■ What to do ■
Only one stretch of the data below is wanted: the lines from the one with "Rectangle(SKETCH7_W, SKETCH7_H)" through the one with "# Sketch8 → Cut-Extrude2 (cut)", repeated exactly.

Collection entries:
---

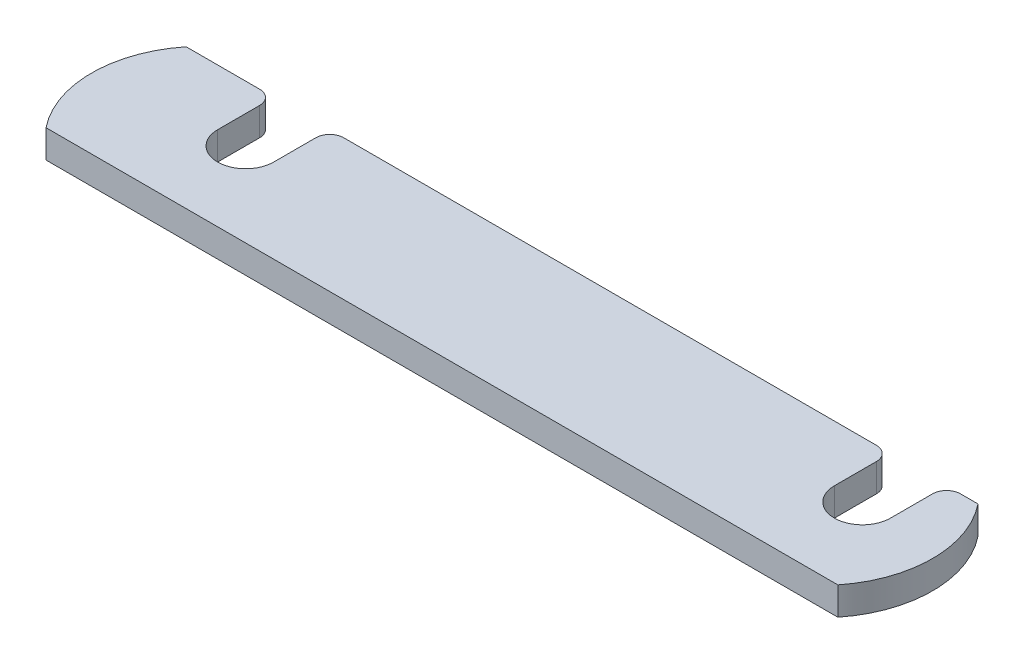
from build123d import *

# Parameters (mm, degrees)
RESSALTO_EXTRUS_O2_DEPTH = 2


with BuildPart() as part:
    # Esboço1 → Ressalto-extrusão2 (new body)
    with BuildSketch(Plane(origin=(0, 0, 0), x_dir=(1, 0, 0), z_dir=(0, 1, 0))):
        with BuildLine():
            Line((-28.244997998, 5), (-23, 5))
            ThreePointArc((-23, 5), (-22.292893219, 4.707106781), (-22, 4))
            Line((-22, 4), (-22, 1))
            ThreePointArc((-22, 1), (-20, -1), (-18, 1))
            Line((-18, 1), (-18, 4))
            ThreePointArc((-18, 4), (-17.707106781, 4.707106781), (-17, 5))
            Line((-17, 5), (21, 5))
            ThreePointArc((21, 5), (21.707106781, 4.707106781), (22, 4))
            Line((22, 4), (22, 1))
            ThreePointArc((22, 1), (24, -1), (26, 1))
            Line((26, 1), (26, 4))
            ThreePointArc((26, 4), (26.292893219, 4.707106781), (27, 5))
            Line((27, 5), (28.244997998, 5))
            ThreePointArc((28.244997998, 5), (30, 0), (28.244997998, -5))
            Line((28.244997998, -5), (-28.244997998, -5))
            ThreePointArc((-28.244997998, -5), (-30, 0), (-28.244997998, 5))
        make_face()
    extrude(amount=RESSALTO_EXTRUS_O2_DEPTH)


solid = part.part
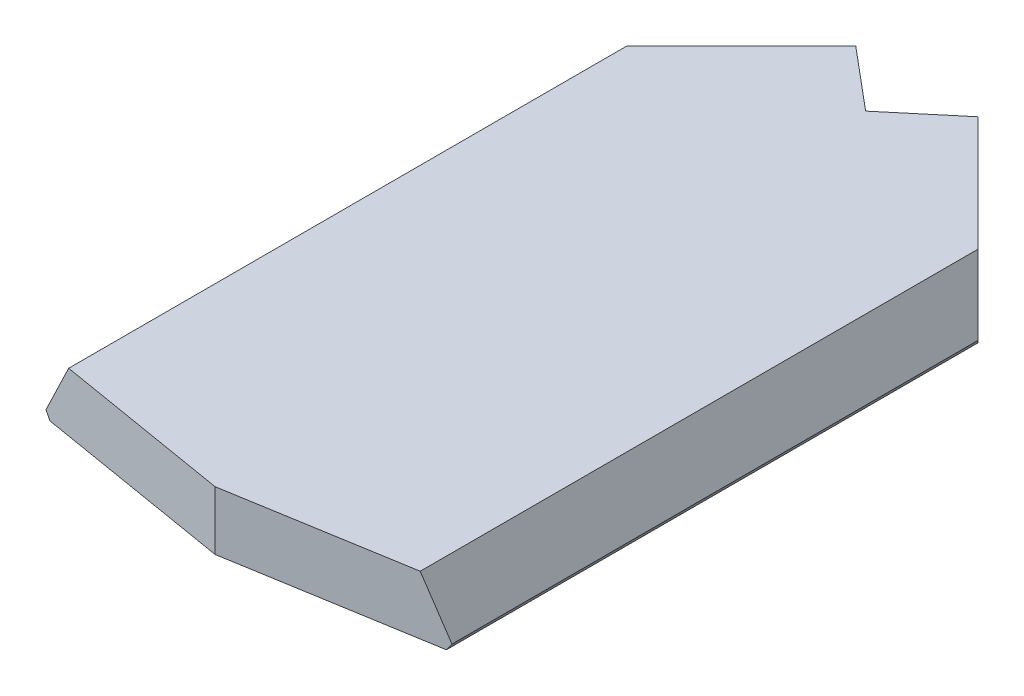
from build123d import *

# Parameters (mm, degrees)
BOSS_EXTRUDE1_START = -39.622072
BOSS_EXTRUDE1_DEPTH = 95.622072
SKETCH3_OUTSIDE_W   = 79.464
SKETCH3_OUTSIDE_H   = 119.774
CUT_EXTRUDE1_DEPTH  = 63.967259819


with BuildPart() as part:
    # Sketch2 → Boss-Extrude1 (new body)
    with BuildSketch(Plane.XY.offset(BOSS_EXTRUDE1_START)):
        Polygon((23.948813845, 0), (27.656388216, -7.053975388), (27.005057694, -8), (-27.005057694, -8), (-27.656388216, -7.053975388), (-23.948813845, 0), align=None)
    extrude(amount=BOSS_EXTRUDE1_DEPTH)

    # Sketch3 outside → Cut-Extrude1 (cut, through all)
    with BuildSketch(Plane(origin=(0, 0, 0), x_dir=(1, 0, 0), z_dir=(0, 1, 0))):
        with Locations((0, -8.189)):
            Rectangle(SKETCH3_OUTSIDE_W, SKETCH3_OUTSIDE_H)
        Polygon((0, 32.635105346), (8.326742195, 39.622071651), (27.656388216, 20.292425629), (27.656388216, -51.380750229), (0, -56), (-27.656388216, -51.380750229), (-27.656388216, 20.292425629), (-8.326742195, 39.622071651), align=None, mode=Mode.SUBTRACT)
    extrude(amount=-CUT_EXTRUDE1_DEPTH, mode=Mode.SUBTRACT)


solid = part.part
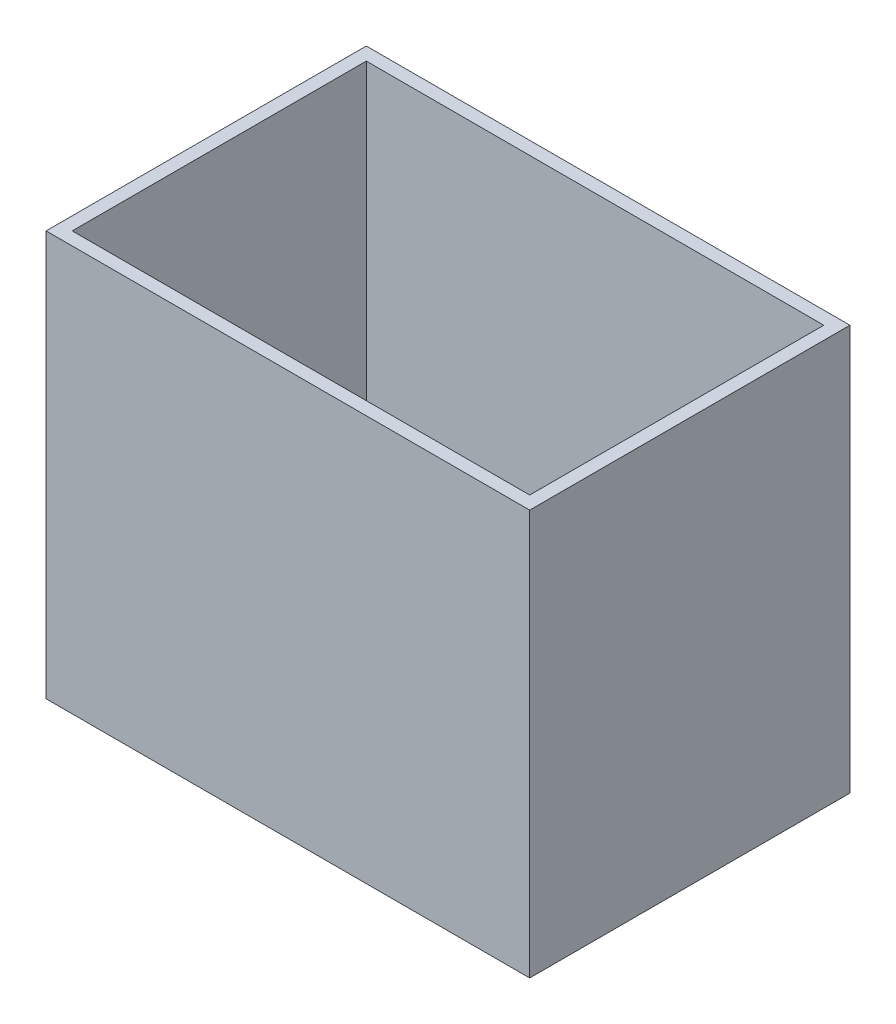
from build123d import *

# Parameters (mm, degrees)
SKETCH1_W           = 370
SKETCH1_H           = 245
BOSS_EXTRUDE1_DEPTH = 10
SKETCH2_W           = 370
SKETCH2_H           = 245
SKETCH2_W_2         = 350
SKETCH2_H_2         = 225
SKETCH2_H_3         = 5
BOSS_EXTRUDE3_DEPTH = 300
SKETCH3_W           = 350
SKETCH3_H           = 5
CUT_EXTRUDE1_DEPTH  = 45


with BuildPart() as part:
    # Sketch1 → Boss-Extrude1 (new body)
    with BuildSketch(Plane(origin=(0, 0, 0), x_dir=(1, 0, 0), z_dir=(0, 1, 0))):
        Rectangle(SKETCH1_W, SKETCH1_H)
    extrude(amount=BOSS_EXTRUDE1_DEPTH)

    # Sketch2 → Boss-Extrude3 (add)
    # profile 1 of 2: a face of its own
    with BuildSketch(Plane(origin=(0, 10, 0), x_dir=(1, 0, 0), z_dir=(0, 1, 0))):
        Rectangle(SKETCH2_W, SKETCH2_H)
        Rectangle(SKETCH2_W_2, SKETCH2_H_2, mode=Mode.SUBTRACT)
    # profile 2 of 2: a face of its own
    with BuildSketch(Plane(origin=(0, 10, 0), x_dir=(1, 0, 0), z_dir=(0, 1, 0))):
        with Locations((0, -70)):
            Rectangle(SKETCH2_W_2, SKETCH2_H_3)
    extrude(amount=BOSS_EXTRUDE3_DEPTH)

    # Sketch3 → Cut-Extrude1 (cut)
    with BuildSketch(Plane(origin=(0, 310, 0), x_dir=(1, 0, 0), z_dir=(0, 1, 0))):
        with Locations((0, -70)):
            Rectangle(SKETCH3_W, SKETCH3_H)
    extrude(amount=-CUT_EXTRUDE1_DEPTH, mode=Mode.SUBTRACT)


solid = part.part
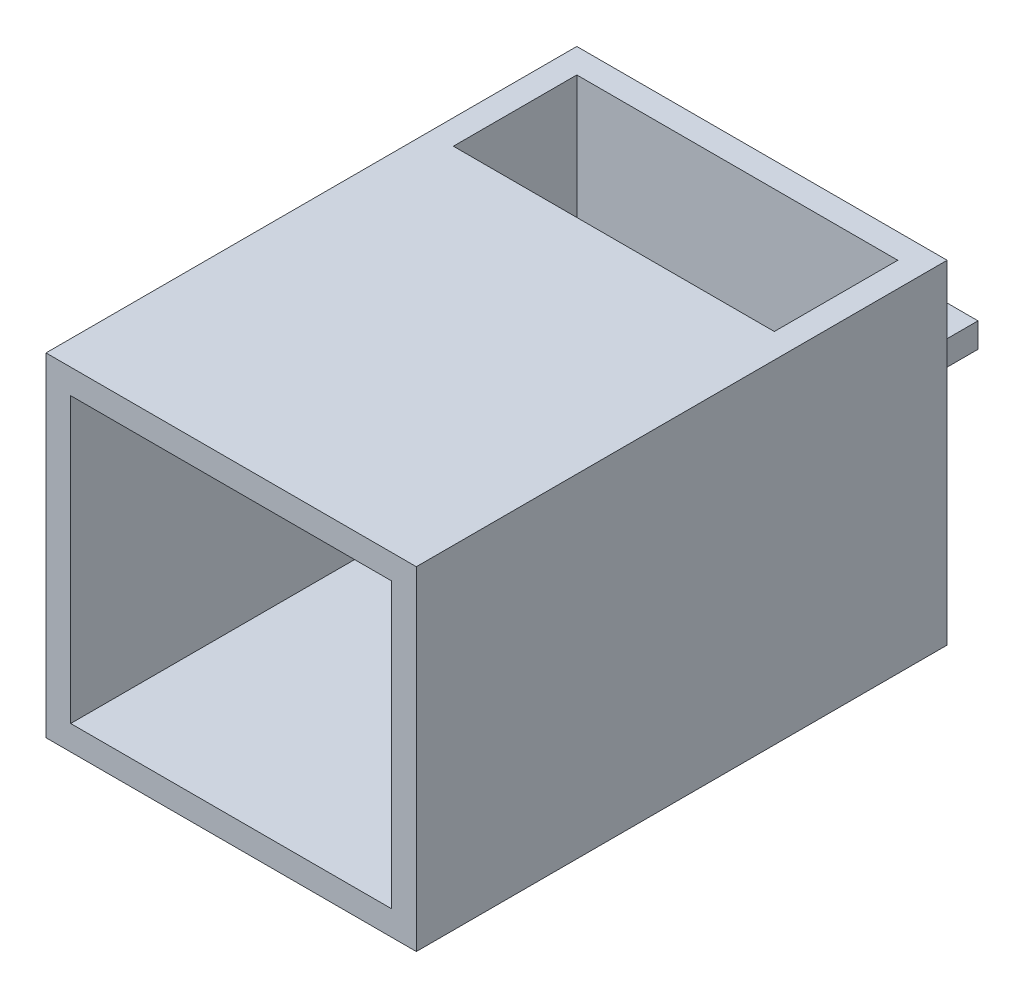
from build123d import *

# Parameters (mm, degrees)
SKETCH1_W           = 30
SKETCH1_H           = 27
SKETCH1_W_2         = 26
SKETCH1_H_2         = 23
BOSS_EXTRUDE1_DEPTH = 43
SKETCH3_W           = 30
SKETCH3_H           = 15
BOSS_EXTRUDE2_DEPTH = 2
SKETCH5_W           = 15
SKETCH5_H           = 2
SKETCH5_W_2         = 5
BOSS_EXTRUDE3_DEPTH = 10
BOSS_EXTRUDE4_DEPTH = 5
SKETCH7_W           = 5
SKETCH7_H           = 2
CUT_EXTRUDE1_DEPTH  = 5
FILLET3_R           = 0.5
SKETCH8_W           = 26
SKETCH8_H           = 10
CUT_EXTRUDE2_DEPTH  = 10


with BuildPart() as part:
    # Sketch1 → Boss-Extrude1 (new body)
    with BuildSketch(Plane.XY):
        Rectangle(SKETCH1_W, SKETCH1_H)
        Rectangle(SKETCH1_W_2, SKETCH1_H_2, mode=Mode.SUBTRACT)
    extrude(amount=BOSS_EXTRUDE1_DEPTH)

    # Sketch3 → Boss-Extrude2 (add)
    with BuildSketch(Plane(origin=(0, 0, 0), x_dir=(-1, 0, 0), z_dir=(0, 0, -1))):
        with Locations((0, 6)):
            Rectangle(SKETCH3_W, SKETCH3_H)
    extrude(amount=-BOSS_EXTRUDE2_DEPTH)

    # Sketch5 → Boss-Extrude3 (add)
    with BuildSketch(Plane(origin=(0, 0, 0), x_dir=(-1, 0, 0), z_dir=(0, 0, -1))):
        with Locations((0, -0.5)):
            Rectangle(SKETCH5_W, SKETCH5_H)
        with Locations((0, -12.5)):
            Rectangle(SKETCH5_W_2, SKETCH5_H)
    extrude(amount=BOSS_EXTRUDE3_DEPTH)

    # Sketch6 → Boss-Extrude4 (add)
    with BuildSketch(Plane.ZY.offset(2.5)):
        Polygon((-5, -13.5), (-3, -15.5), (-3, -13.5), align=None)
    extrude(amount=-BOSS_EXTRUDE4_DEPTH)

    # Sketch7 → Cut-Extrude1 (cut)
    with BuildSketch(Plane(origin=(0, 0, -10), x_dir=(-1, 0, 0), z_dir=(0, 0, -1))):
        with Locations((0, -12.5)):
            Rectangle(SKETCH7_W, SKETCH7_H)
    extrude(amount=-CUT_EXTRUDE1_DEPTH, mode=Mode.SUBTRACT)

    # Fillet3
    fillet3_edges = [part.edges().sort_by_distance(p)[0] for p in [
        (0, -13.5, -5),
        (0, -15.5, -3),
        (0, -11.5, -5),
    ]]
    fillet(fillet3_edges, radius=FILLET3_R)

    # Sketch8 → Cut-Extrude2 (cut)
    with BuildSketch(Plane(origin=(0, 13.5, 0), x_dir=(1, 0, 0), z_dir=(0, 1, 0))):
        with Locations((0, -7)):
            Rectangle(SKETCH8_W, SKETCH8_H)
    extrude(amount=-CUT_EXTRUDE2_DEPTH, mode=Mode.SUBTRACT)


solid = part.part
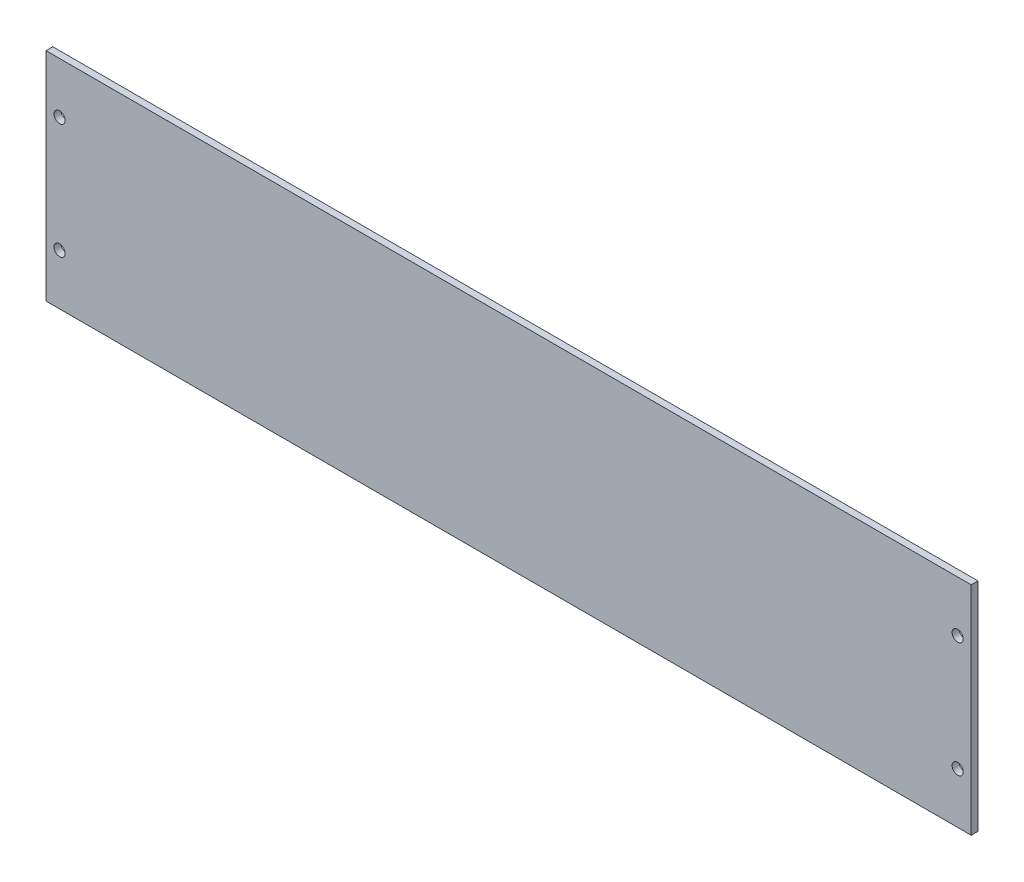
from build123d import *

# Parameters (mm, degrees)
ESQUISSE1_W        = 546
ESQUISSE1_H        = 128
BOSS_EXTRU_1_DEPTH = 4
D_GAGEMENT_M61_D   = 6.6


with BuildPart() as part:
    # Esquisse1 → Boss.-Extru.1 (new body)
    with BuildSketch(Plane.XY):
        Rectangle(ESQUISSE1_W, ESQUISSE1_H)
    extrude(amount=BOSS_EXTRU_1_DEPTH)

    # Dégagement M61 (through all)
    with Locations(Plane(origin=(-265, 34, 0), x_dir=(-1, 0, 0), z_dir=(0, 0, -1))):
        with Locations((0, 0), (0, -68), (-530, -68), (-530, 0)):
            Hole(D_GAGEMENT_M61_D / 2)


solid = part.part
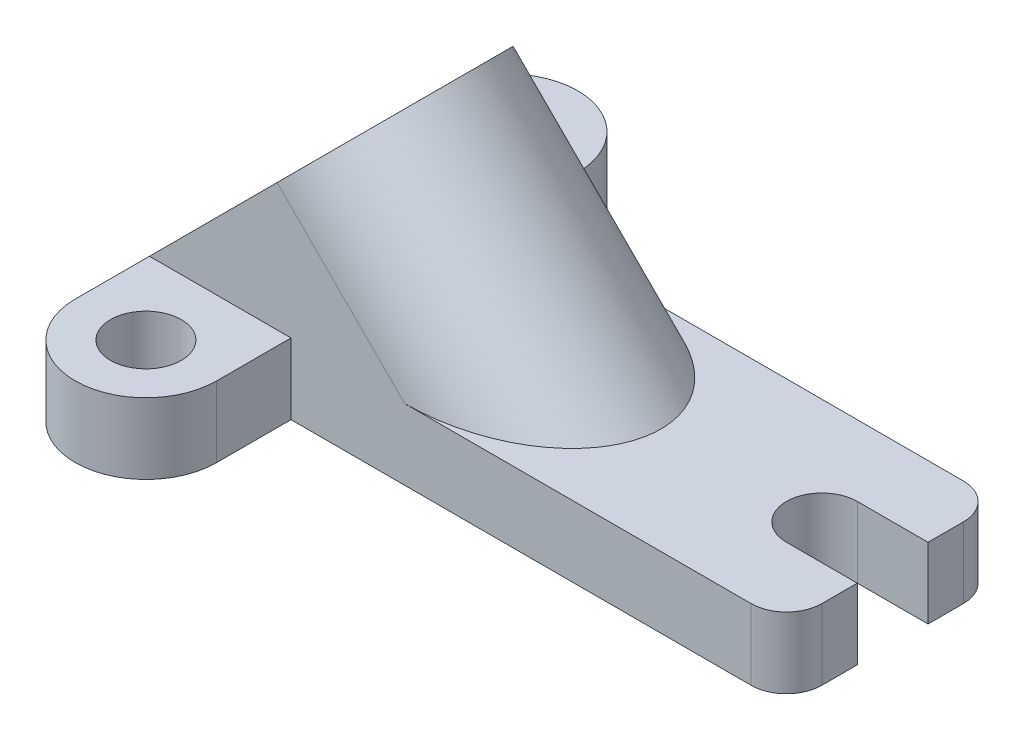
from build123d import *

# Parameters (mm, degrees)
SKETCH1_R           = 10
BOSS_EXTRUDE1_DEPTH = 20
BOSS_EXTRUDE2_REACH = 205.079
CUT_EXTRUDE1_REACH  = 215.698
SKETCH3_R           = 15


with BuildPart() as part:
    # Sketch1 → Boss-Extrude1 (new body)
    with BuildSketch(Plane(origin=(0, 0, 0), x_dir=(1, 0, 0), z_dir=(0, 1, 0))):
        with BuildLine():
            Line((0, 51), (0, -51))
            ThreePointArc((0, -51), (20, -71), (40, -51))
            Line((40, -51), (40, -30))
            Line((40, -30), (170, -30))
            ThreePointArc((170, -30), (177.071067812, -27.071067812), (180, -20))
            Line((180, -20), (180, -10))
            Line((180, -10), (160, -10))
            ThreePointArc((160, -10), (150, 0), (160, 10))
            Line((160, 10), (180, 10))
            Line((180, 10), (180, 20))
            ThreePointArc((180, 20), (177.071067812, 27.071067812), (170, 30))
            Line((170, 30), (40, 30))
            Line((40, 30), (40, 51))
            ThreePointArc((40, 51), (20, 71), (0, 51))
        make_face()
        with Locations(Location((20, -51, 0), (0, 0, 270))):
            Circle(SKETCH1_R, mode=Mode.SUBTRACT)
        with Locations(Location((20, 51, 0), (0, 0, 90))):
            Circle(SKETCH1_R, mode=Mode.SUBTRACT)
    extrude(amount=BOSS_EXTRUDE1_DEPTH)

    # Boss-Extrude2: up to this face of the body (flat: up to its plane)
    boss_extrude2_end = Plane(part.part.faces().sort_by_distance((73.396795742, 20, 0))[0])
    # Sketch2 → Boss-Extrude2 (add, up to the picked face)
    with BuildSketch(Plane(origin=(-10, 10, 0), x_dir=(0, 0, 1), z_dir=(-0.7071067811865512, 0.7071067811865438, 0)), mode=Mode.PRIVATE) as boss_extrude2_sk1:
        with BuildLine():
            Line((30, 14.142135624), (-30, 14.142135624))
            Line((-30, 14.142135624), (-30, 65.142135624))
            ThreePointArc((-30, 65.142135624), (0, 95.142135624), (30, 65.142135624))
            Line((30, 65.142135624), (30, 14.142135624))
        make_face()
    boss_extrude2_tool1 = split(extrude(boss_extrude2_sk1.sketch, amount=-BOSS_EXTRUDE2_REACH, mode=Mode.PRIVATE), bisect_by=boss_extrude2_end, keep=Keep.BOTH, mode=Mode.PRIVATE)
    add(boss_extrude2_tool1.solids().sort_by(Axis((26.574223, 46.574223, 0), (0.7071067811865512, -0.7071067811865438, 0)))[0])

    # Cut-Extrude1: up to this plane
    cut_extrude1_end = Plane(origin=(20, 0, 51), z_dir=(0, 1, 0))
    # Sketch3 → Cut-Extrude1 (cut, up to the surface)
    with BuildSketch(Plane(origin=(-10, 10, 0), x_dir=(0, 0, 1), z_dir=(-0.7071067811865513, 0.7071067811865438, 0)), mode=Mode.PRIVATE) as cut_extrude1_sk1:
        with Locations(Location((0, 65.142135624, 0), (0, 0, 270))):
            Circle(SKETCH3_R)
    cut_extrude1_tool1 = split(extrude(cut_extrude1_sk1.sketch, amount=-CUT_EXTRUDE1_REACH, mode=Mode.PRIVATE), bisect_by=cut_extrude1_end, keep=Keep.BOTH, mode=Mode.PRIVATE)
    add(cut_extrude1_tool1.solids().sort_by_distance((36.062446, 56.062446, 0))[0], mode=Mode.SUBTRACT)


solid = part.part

---

■ Solution to the problem ■
            Rectangle(SKETCH7_W, SKETCH7_H)
    extrude(amount=-CUT_EXTRUDE1_DEPTH, mode=Mode.SUBTRACT)

    # Fillet3
    fillet3_edges = [part.edges().sort_by_distance(p)[0] for p in [
        (0, -13.5, -5),
        (0, -15.5, -3),
        (0, -11.5, -5),
    ]]
    fillet(fillet3_edges, radius=FILLET3_R)

    # Sketch8 → Cut-Extrude2 (cut)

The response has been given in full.